◆ To do
Each record below should be returned exactly, with its pictures left out.

[Collected data entries]
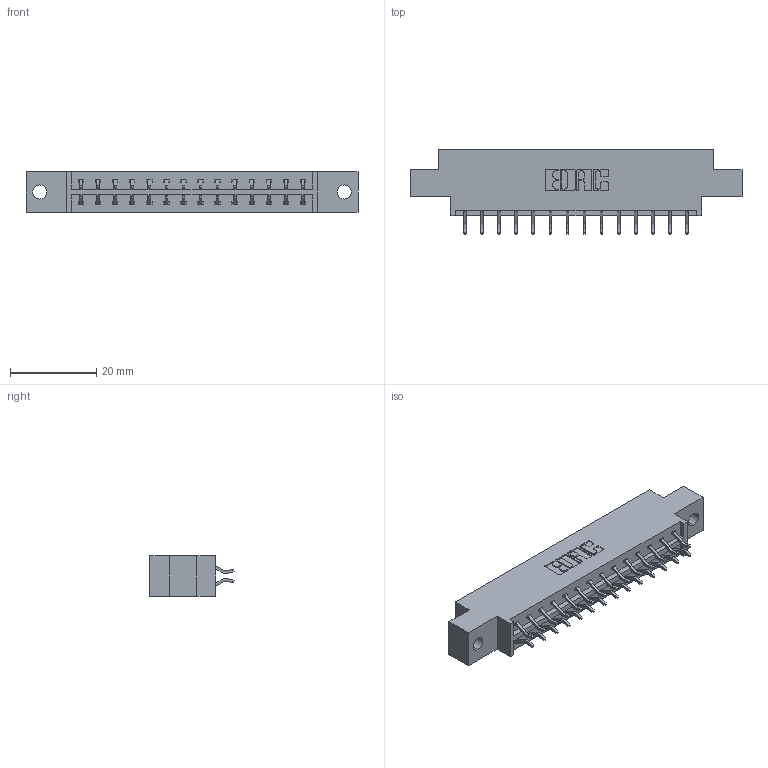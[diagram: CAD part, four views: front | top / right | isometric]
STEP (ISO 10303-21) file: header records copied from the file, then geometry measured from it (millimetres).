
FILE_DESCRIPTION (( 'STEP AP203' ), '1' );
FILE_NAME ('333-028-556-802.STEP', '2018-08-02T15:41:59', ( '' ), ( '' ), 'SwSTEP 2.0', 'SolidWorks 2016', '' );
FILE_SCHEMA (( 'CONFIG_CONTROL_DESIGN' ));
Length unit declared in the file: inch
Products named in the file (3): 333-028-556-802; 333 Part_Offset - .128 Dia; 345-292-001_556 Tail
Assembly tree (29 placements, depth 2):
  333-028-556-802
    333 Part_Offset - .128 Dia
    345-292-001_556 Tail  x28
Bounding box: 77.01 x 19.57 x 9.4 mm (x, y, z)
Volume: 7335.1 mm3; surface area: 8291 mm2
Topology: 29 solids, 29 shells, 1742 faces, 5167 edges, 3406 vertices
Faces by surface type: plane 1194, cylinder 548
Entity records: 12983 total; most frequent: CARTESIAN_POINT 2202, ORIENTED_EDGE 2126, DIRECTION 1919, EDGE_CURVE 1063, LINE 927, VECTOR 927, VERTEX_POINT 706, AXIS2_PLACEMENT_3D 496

◆ Output
[diagram: CAD part, four views: front | top / right | isometric]
STEP (ISO 10303-21) file: header records copied from the file, then geometry measured from it (millimetres).
FILE_DESCRIPTION (( 'STEP AP203' ), '1' );
FILE_NAME ('333-028-556-802.STEP', '2018-08-02T15:41:59', ( '' ), ( '' ), 'SwSTEP 2.0', 'SolidWorks 2016', '' );
FILE_SCHEMA (( 'CONFIG_CONTROL_DESIGN' ));
Length unit declared in the file: inch
Products named in the file (3): 333-028-556-802; 333 Part_Offset - .128 Dia; 345-292-001_556 Tail
Assembly tree (29 placements, depth 2):
  333-028-556-802
    333 Part_Offset - .128 Dia
    345-292-001_556 Tail  x28
Bounding box: 77.01 x 19.57 x 9.4 mm (x, y, z)
Volume: 7335.1 mm3; surface area: 8291 mm2
Topology: 29 solids, 29 shells, 1742 faces, 5167 edges, 3406 vertices
Faces by surface type: plane 1194, cylinder 548
Entity records: 12983 total; most frequent: CARTESIAN_POINT 2202, ORIENTED_EDGE 2126, DIRECTION 1919, EDGE_CURVE 1063, LINE 927, VECTOR 927, VERTEX_POINT 706, AXIS2_PLACEMENT_3D 496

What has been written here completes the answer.